Microsoft CEO responds to news of Bill Gates’ affair with employee
Microsoft CEO Satya Nadella on Friday responded to recent news about the conduct of the company’s founder, Bill Gates, that raised questions about the tech giant’s workplace culture.
Nadella referenced an investigation Microsoft initiated two years ago into an affair between Gates and an employee that took place in 2000, and which was reported this week amid coverage of Gates’ divorce from his wife, Melinda French Gates. The employee relationship, which Gates’ representatives have acknowledged, reportedly took place while he was chairman of the board and chief software architect at Microsoft.

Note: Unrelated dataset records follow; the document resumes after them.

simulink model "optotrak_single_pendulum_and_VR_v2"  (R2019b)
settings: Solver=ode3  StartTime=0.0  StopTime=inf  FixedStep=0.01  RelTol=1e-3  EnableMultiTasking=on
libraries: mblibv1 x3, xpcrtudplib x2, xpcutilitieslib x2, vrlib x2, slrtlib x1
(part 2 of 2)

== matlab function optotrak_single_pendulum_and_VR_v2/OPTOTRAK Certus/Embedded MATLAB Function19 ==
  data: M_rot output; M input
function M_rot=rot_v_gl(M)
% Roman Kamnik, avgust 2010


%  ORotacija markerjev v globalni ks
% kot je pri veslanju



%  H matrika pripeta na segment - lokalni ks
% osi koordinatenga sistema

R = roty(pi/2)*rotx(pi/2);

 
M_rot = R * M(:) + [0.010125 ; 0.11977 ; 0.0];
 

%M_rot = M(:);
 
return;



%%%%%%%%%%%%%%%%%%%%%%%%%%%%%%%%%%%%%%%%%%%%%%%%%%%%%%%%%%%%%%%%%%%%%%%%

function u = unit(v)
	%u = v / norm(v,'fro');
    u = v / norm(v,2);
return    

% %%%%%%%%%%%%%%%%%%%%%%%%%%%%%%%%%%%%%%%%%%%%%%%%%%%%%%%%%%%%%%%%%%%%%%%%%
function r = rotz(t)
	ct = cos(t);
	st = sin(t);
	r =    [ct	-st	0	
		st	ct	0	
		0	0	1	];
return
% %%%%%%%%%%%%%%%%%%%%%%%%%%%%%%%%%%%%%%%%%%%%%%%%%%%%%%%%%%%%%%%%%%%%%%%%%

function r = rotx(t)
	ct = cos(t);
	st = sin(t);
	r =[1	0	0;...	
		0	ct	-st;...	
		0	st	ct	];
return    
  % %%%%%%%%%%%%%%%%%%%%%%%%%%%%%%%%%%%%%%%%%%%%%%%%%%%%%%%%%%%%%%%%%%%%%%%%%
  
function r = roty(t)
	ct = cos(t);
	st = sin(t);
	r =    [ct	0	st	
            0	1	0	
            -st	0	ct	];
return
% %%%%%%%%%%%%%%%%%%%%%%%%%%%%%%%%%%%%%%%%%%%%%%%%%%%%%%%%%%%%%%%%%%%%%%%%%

“The Microsoft of 2021 is very different from the Microsoft of 2000,” Nadella said in a Friday interview on CNBC. “To me and to everyone at Microsoft, our focus on our culture, our diversity, our inclusion, in particular, the everyday experience of our people is super important, it’s a huge priority.”
The interview follows a range of allegations and reports this week about Bill Gates’ workplace behavior at Microsoft and the Bill and Melinda Gates Foundation. CNN has not independently confirmed the allegations.
A Microsoft spokesperson on Sunday confirmed to CNN Business that the company “received a concern in the latter half of 2019 that Bill Gates sought to initiate an intimate relationship with a company employee in the year 2000.”
“A committee of the Board reviewed the concern, aided by an outside law firm, to conduct a thorough investigation,” the spokesperson said. “Throughout the investigation, Microsoft provided extensive support to the employee who raised the concern.”
Bill Gates left Microsoft’s board in early 2020, though a Gates spokesperson has said the decision was unrelated to the investigation. At the time, the company said he would continue to serve as a technology adviser to Microsoft leaders. The company has not responded to multiple requests for comment from CNN Business about whether he still holds this role.
“There was an affair almost 20 years ago which ended amicably,” a spokesperson for Gates said in a statement to the Wall Street Journal earlier this week. “Bill’s decision to transition off the board was in no way related to this matter. In fact, he had expressed an interest in spending more time on his philanthropy starting several years earlier.”
Nadella said on Friday that Microsoft’s review of a concern that was raised nearly two decades after the incident took place speaks to the company’s culture.
“Anyone can raise any issue, even an issue from 20 years ago. We will investigate it, take action to the satisfaction of the person who raised it; we have no forced arbitrations,” Nadella said. “I feel that we have created an environment that allows us to really drive that everyday improvement in our diversity and inclusion culture, which I think is a super important thing.”
He added that the company has had a policy requiring employees to disclose workplace relationships in place since 2006.
“Overall, the power dynamic in the workplace is not something that can be abused in any form,” Nadella said. “The most important thing is for us to make sure that everybody is comfortable in being able to raise any issues they see and for us to be able to fully investigate it.”